For each captured local variable (except `this`)
  • Go to the definition of the variable
  • Copy the variable declaration (e.g. `Column* pCol`)
  • Paste in to the lambda parameter list
  • Make the parameter const and by-reference
  • Remove the variable from the capture list
  • Pass the variable in to the call
  • Compile.
i.e.:
 Foo foo = ...
 Bar* bar = ...
 auto Applesauce = [this, &foo, &bar]() -> void {
    // something with foo and bar...
 };
 Applesauce();
becomes

 Foo foo = ...
 Bar* bar = ...
 auto Applesauce = [this](Foo& foo, Bar*& bar) -> void {
    // something with foo and bar...
 };
 Applesauce(foo, bar);
Note: even pointers must be passed by reference.

6. Try to eliminate `this` capture

  • Remove `this` from the capture list
  • Compile
  • If the compile fails, undo

7. Convert lambda to function

If `this` is captured, use 7A.
If `this` is not captured, use 7B.

7A. Convert this-bound lambda to member function

  • Cut the lambda statement and paste it outside the current function
  • Remove `= [this]`
  • Copy the signature line
  • Add `SomeClass::`
  • In the header file, add the function declaration in a private section.
  • Compile 
i.e.:
 auto SomeClass::Applesauce(Foo& foo, Bar*& bar) -> void {
// ... };

Note: this is using new C++11 syntax for functions.

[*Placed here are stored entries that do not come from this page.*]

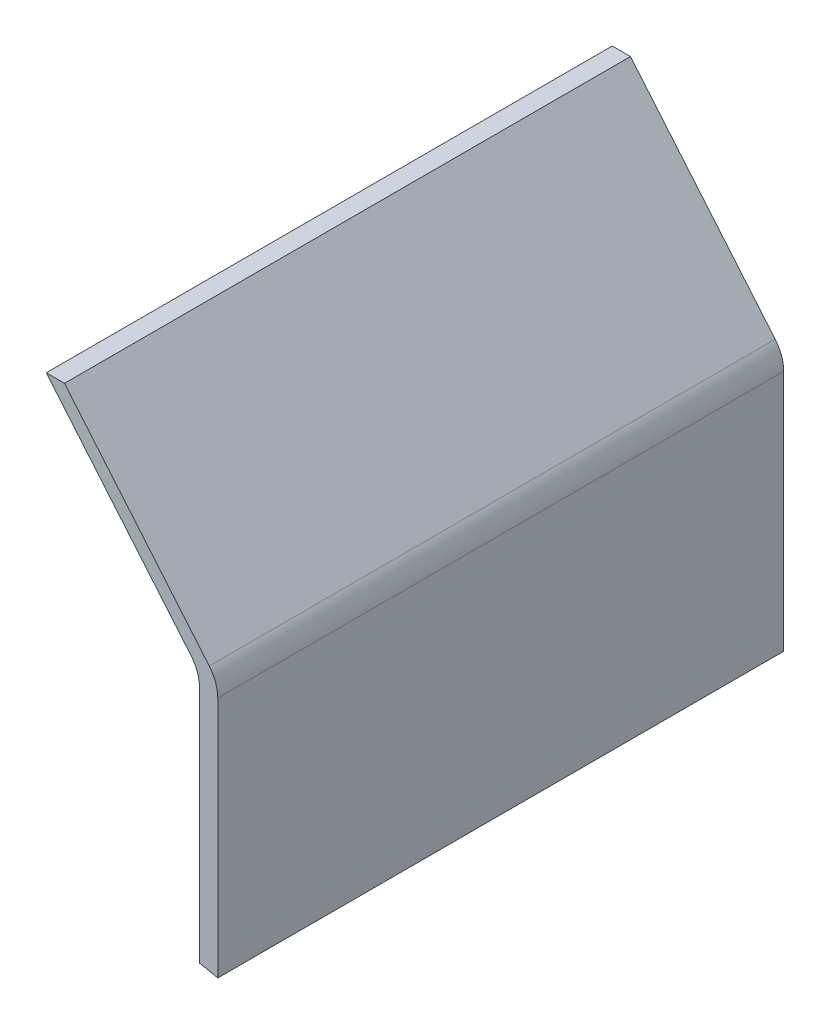
from build123d import *

# Parameters (mm, degrees)
FUNNEL_LEFT_SIDE_DEPTH = 155
FILLET1_R              = 10


with BuildPart() as part:
    # Sketch1 → Funnel - Left Side (new body)
    with BuildSketch(Plane.XY):
        with BuildLine():
            Line((-5, 1.037386495), (-5, 70.037386495))
            Line((-5, 70.037386495), (-46.974030913, 120.060088631))
            Line((-46.974030913, 120.060088631), (-41.974030913, 120.060088631))
            Line((-41.974030913, 120.060088631), (0, 70.037386495))
            Line((0, 70.037386495), (0, 0))
            ThreePointArc((0, 0), (-2.495861145, 0.538641718), (-5, 1.037386495))
        make_face()
    extrude(amount=FUNNEL_LEFT_SIDE_DEPTH)

    # Fillet1
    fillet1_edges = [part.edges().sort_by_distance(p)[0] for p in [
        (-5, 70.037386495, 77.5),
        (0, 70.037386495, 77.5),
    ]]
    fillet(fillet1_edges, radius=FILLET1_R)


solid = part.part
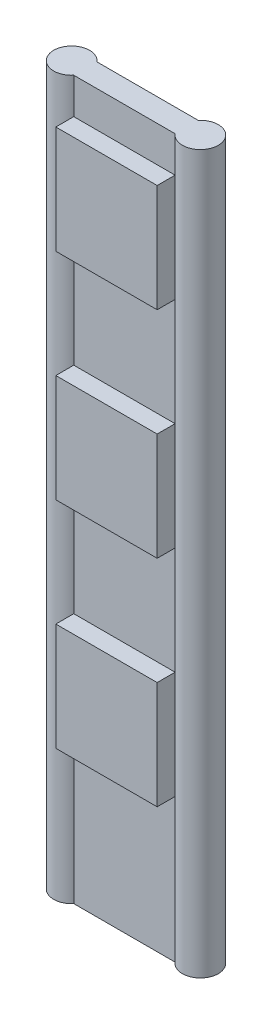
from build123d import *

# Parameters (mm, degrees)
EXTRUDE_1_DEPTH = 2000
SKETCH_3_W      = 282.482591868
SKETCH_3_H      = 300
EXTRUDE_2_DEPTH = 50


with BuildPart() as part:
    # 草圖2 → 填料-伸長1 (new body)
    with BuildSketch(Plane(origin=(0, 0, 0), x_dir=(1, 0, 0), z_dir=(0, 1, 0))):
        with BuildLine():
            Line((-141.241295934, 21.394189404), (141.241295934, 21.394189404))
            ThreePointArc((141.241295934, 21.394189404), (229.43942383, -10.868839364), (141.241295934, -43.131868132))
            Line((141.241295934, -43.131868132), (-141.241295934, -43.131868132))
            ThreePointArc((-141.241295934, -43.131868132), (-229.43942383, -10.868839364), (-141.241295934, 21.394189404))
        make_face()
    extrude(amount=EXTRUDE_1_DEPTH)

    # 草圖3 → 填料-伸長2 (add)
    with BuildSketch(Plane.XY.offset(43.131868132)):
        with Locations((0, 550)):
            Rectangle(SKETCH_3_W, SKETCH_3_H)
        with Locations((0, 1150)):
            Rectangle(SKETCH_3_W, SKETCH_3_H)
        with Locations((0, 1750)):
            Rectangle(SKETCH_3_W, SKETCH_3_H)
    extrude(amount=EXTRUDE_2_DEPTH)


solid = part.part
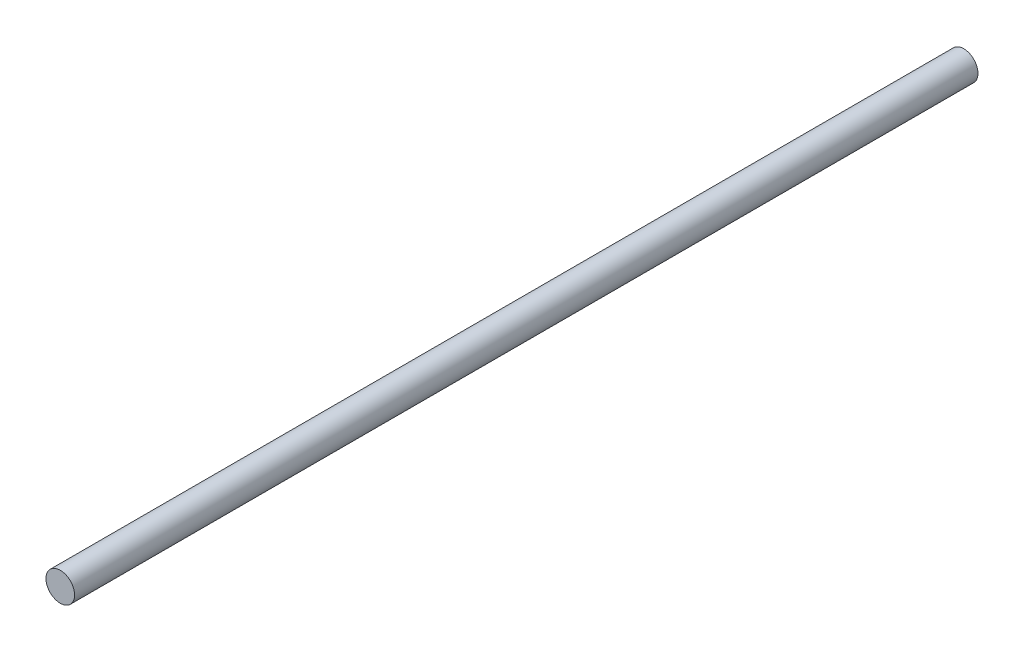
from build123d import *

# Parameters (mm, degrees)
SKETCH1_R           = 2.413
BOSS_EXTRUDE1_DEPTH = 152.4


with BuildPart() as part:
    # Sketch1 → Boss-Extrude1 (new body)
    with BuildSketch(Plane.XY):
        Circle(SKETCH1_R)
    extrude(amount=BOSS_EXTRUDE1_DEPTH)


solid = part.part
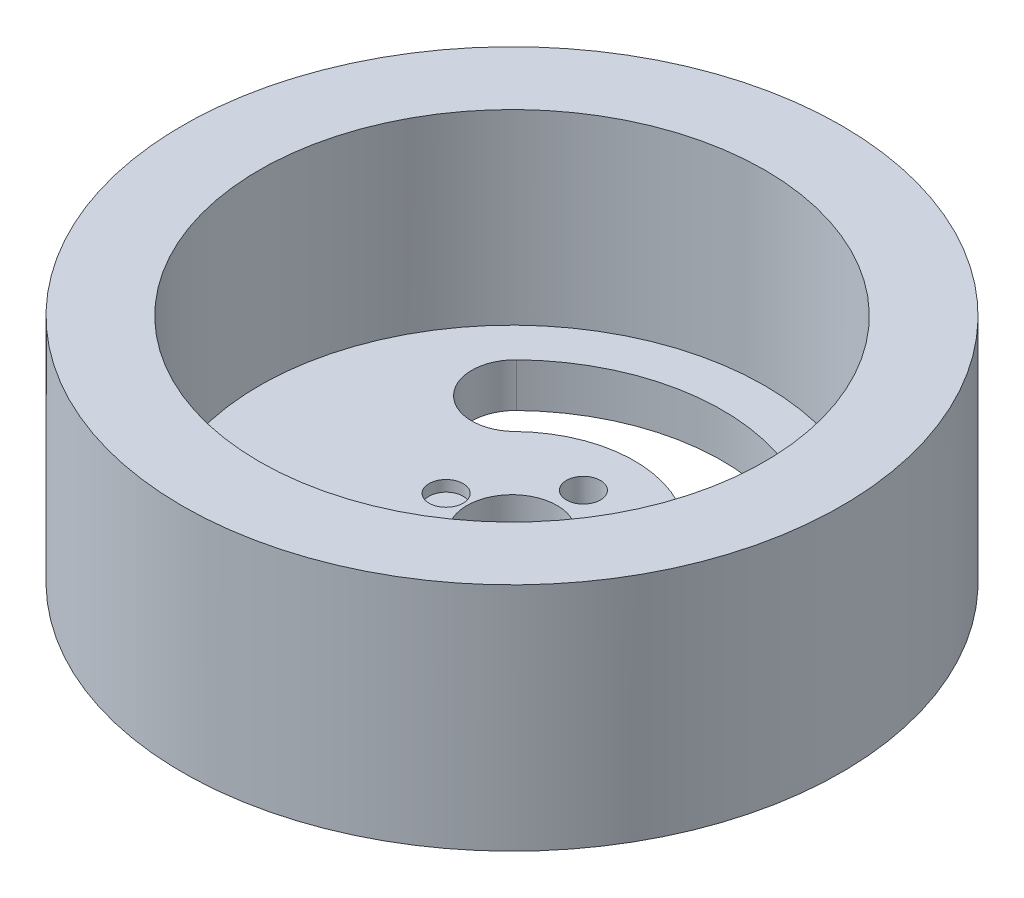
from build123d import *

# Parameters (mm, degrees)
SKETCH_1_R          = 30
SKETCH_1_R_2        = 23
EXTRUDE_1_DEPTH     = 21
SKETCH_2_R          = 23
SKETCH_2_R_2        = 4.1
SKETCH_2_R_3        = 1.55
EXTRUDE_2_DEPTH     = 1
SKETCH_3_R          = 30
SKETCH_3_R_2        = 1.55
SKETCH_3_R_3        = 4.1
EXTRUDE_3_DEPTH     = 3
SKETCH_4_R          = 30
CUT_EXTRUDE_1_DEPTH = 3


with BuildPart() as part:
    # 草图1 → 凸台-拉伸1 (new body)
    with BuildSketch(Plane(origin=(0, 0, 0), x_dir=(1, 0, 0), z_dir=(0, 1, 0))):
        Circle(SKETCH_1_R)
        Circle(SKETCH_1_R_2, mode=Mode.SUBTRACT)
    extrude(amount=EXTRUDE_1_DEPTH)

    # 草图2 → 凸台-拉伸2 (add)
    with BuildSketch(Plane.XZ):
        Circle(SKETCH_2_R)
        Circle(SKETCH_2_R_2, mode=Mode.SUBTRACT)
        with Locations((6, 0)):
            Circle(SKETCH_2_R_3, mode=Mode.SUBTRACT)
        with Locations((-6, 0)):
            Circle(SKETCH_2_R_3, mode=Mode.SUBTRACT)
        with Locations((0, 6.5)):
            Circle(SKETCH_2_R_3, mode=Mode.SUBTRACT)
        with Locations((0, -6.5)):
            Circle(SKETCH_2_R_3, mode=Mode.SUBTRACT)
        with BuildLine():
            ThreePointArc((13.744660155, 13.324975875), (0.2967616, 19.141123201), (-13.324975875, 13.744660155))
            ThreePointArc((-13.324975875, 13.744660155), (-13.412668503, 8.088485652), (-7.756494001, 8.000793024))
            ThreePointArc((-7.756494001, 8.000793024), (0.172745496, 11.142084508), (8.000793024, 7.756494001))
            ThreePointArc((8.000793024, 7.756494001), (13.656967527, 7.668801373), (13.744660155, 13.324975875))
        make_face(mode=Mode.SUBTRACT)
        with BuildLine():
            ThreePointArc((13.744660155, -13.324975875), (0.2967616, -19.141123201), (-13.324975875, -13.744660155))
            ThreePointArc((-13.324975875, -13.744660155), (-13.412668503, -8.088485652), (-7.756494001, -8.000793024))
            ThreePointArc((-7.756494001, -8.000793024), (0.172745496, -11.142084508), (8.000793024, -7.756494001))
            ThreePointArc((8.000793024, -7.756494001), (13.656967527, -7.668801373), (13.744660155, -13.324975875))
        make_face(mode=Mode.SUBTRACT)
    extrude(amount=-EXTRUDE_2_DEPTH)

    # 草图3 → 凸台-拉伸3 (add)
    with BuildSketch(Plane.XZ):
        Circle(SKETCH_3_R)
        with Locations((0, -6.5)):
            Circle(SKETCH_3_R_2, mode=Mode.SUBTRACT)
        with Locations((6, 0)):
            Circle(SKETCH_3_R_2, mode=Mode.SUBTRACT)
        Circle(SKETCH_3_R_3, mode=Mode.SUBTRACT)
        with Locations((0, 6.5)):
            Circle(SKETCH_3_R_2, mode=Mode.SUBTRACT)
        with BuildLine():
            ThreePointArc((-7.756494001, -8.000793024), (-13.412668503, -8.088485652), (-13.324975875, -13.744660155))
            ThreePointArc((-13.324975875, -13.744660155), (0.2967616, -19.141123201), (13.744660155, -13.324975875))
            ThreePointArc((13.744660155, -13.324975875), (13.656967527, -7.668801373), (8.000793024, -7.756494001))
            ThreePointArc((8.000793024, -7.756494001), (0.172745496, -11.142084508), (-7.756494001, -8.000793024))
        make_face(mode=Mode.SUBTRACT)
        with BuildLine():
            ThreePointArc((8.000793024, 7.756494001), (13.656967527, 7.668801373), (13.744660155, 13.324975875))
            ThreePointArc((13.744660155, 13.324975875), (0.2967616, 19.141123201), (-13.324975875, 13.744660155))
            ThreePointArc((-13.324975875, 13.744660155), (-13.412668503, 8.088485652), (-7.756494001, 8.000793024))
            ThreePointArc((-7.756494001, 8.000793024), (0.172745496, 11.142084508), (8.000793024, 7.756494001))
        make_face(mode=Mode.SUBTRACT)
    extrude(amount=EXTRUDE_3_DEPTH)

    # 草图4 → 切除-拉伸1 (cut)
    with BuildSketch(Plane(origin=(0, 21, 0), x_dir=(1, 0, 0), z_dir=(0, 1, 0))):
        Circle(SKETCH_4_R)
    extrude(amount=-CUT_EXTRUDE_1_DEPTH, mode=Mode.SUBTRACT)


solid = part.part
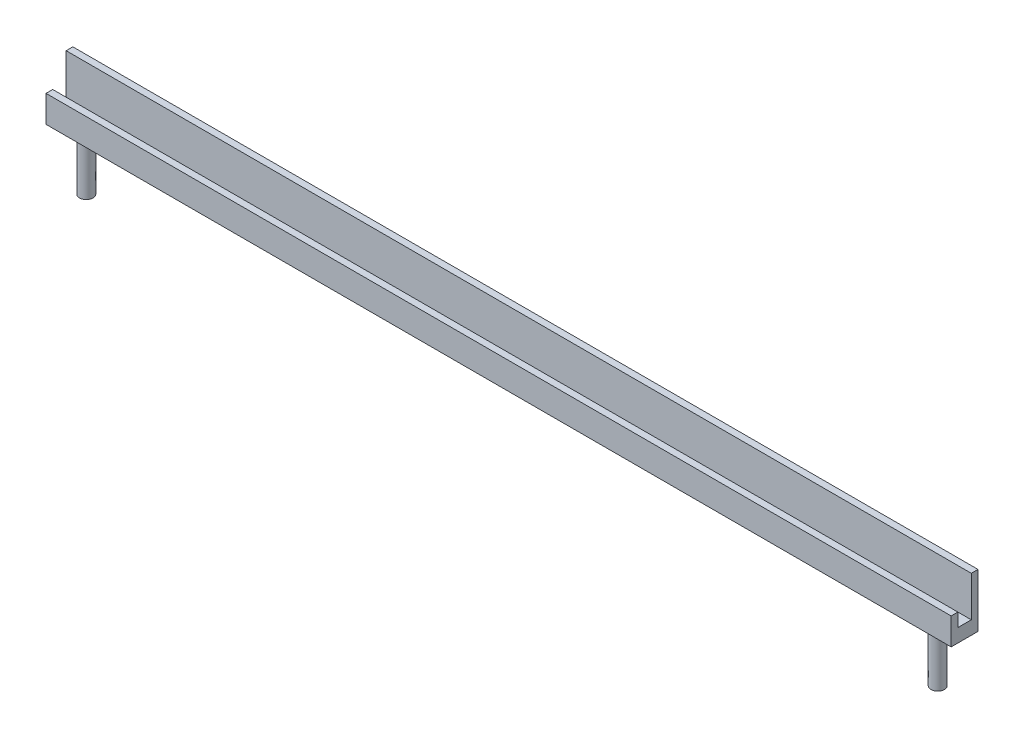
from build123d import *

# Parameters (mm, degrees)
SKETCH1_W           = 337
SKETCH1_H           = 10
BOSS_EXTRUDE1_DEPTH = 5
SKETCH2_W           = 337
SKETCH2_H           = 2.5
BOSS_EXTRUDE2_DEPTH = 5
SKETCH3_W           = 337
SKETCH3_H           = 2.5
BOSS_EXTRUDE3_DEPTH = 15
SKETCH4_R           = 2.5
BOSS_EXTRUDE4_DEPTH = 20


with BuildPart() as part:
    # Sketch1 → Boss-Extrude1 (new body)
    with BuildSketch(Plane(origin=(0, 0, 0), x_dir=(1, 0, 0), z_dir=(0, 1, 0))):
        Rectangle(SKETCH1_W, SKETCH1_H)
    extrude(amount=BOSS_EXTRUDE1_DEPTH)

    # Sketch2 → Boss-Extrude2 (add)
    with BuildSketch(Plane(origin=(0, 5, 0), x_dir=(1, 0, 0), z_dir=(0, 1, 0))):
        with Locations((0, -3.75)):
            Rectangle(SKETCH2_W, SKETCH2_H)
    extrude(amount=BOSS_EXTRUDE2_DEPTH)

    # Sketch3 → Boss-Extrude3 (add)
    with BuildSketch(Plane(origin=(0, 5, 0), x_dir=(1, 0, 0), z_dir=(0, 1, 0))):
        with Locations((0, 3.75)):
            Rectangle(SKETCH3_W, SKETCH3_H)
    extrude(amount=BOSS_EXTRUDE3_DEPTH)

    # Sketch4 → Boss-Extrude4 (add)
    with BuildSketch(Plane.XZ):
        with Locations((-158.5, 0)):
            Circle(SKETCH4_R)
        with Locations((158.5, 0)):
            Circle(SKETCH4_R)
    extrude(amount=BOSS_EXTRUDE4_DEPTH)


solid = part.part
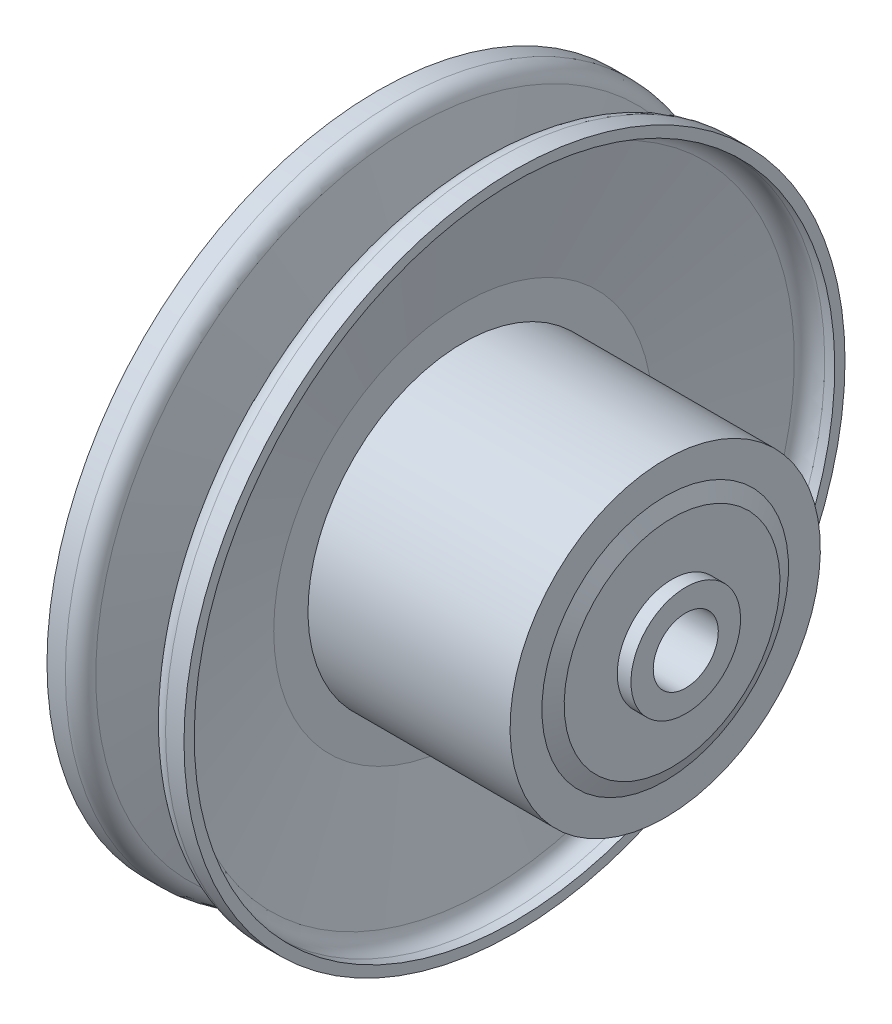
from build123d import *

# Parameters (mm, degrees)
FILLET_1_R      = 5
EXTRUDE_START   = -12
SKETCH_2_W      = 5
SKETCH_2_H      = 5
EXTRUDE_1_DEPTH = 35


with BuildPart() as part:
    # Эскиз1 → Повернуть1 (revolve)
    with BuildSketch(Plane.XY):
        Polygon((45, 9.5), (-40, 9.5), (-40, 14), (-35, 14), (-35, 45.3), (-30, 45.3), (-30, 55.3), (-38, 93.5), (-45, 93.5), (-45, 96.5), (-35.56319052, 96.5), (-27, 55.610765269), (-27, 35), (-23, 35), (-23, 55.610765269), (-14.43680948, 96.5), (-5, 96.5), (-5, 93.5), (-12, 93.5), (-20, 55.3), (-20, 45.3), (39, 45.3), (39, 36), (41, 31.5), (41, 16), (45, 16), align=None)
    revolve(axis=Axis((-45, 0, 0), (1, 0, 0)))

    # Скругление1
    fillet_1_edges = [part.edges().sort_by_distance(p)[0] for p in [
        (-38, -93.5, 0),
        (-35.56319052, -96.5, 0),
        (-14.43680948, -96.5, 0),
        (-12, -93.5, 0),
    ]]
    fillet(fillet_1_edges, radius=FILLET_1_R)

    # Эскиз2 → Бобышка-Вытянуть1 (add)
    with BuildSketch(Plane.ZY.offset(40).offset(EXTRUDE_START)):
        with Locations((0, 9.5)):
            Rectangle(SKETCH_2_W, SKETCH_2_H)
    extrude(amount=-EXTRUDE_1_DEPTH)


solid = part.part
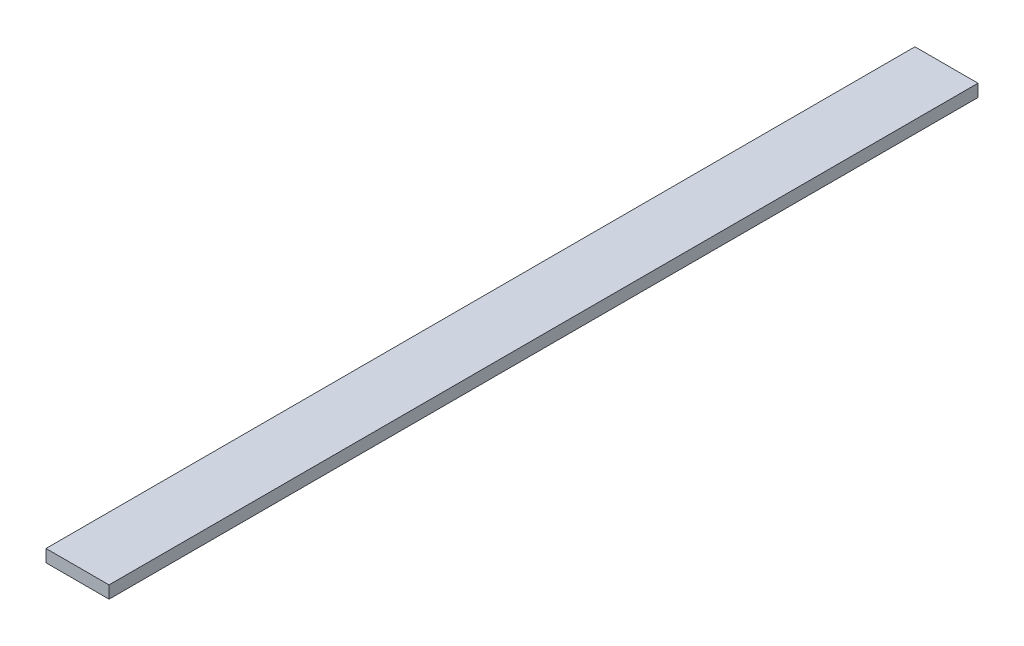
from build123d import *

# Parameters (mm, degrees)
CROQUIS1_W              = 50.8
CROQUIS1_H              = 10
SALIENTE_EXTRUIR1_DEPTH = 700


with BuildPart() as part:
    # Croquis1 → Saliente-Extruir1 (new body)
    with BuildSketch(Plane.XY):
        Rectangle(CROQUIS1_W, CROQUIS1_H)
    extrude(amount=SALIENTE_EXTRUIR1_DEPTH)


solid = part.part

You may want to convert to the old syntax, like this:

 void SomeClass::Applesauce(Foo& foo, Bar*& bar) {
  // ...
 };

7B. Convert non-this Lambda to free function

  • Cut the lambda statement and paste it above the current function.
  • Remove `= []`
  • Wrap it in an unnamed namespace
  • Compile
If the free function uses typedefs/aliases or classes nested in the original class, convert the free function to a private static function of the original class (7A).

i.e.:

namespace {
 auto Applesauce(Foo& foo, Bar*& bar) -> void {
// ... };
}

Note: this is using new C++11 syntax for functions. You may want to convert to the old syntax, like this:
namespace {
 void Applesauce(Foo& foo, Bar*& bar) {
// ... };
}

2 comments:

Arne Mertz said...

Thanks for the detailed recipe! I've written something similar but way shorter a while ago (see below). You mention setting the return type, but if what you factor out was a block in the beginning, then there is none. If it wasn't a block, then introducing the lambda (or any block) might result in compile errors when variables that are created in the new block are used after it. These together make up the return type of the lambda and the new function.



https://arne-mertz.de/2016/10/large-legacy-applications-tools/#Example_factor_out_a_function

Jay Bazuzi said...

Cool Arne.

I may be misunderstanding the concern you bring up. The recipe demands a block (or a scoping statement) to avoid the problems of changing variable scope and lifetime. But blocks can return a value. For example: https://gist.github.com/JayBazuzi/9b5b2aeb95368b10decbb4c9706a88ae

I do think there's something that needs fixing in the recipe. There are multiple cases but they are all a bit muddled today:

1. No return statements, no problem.
2. Return in a `void` method.
3. Return a value in a non-`void` method.

If there is a return, you have to make sure that all paths return, and in #2 the compiler won't help you.

Also, a previous iteration of the recipe could extract an expression, not just a block of statements, but I removed that for simplicity. We'll have to fill that in later.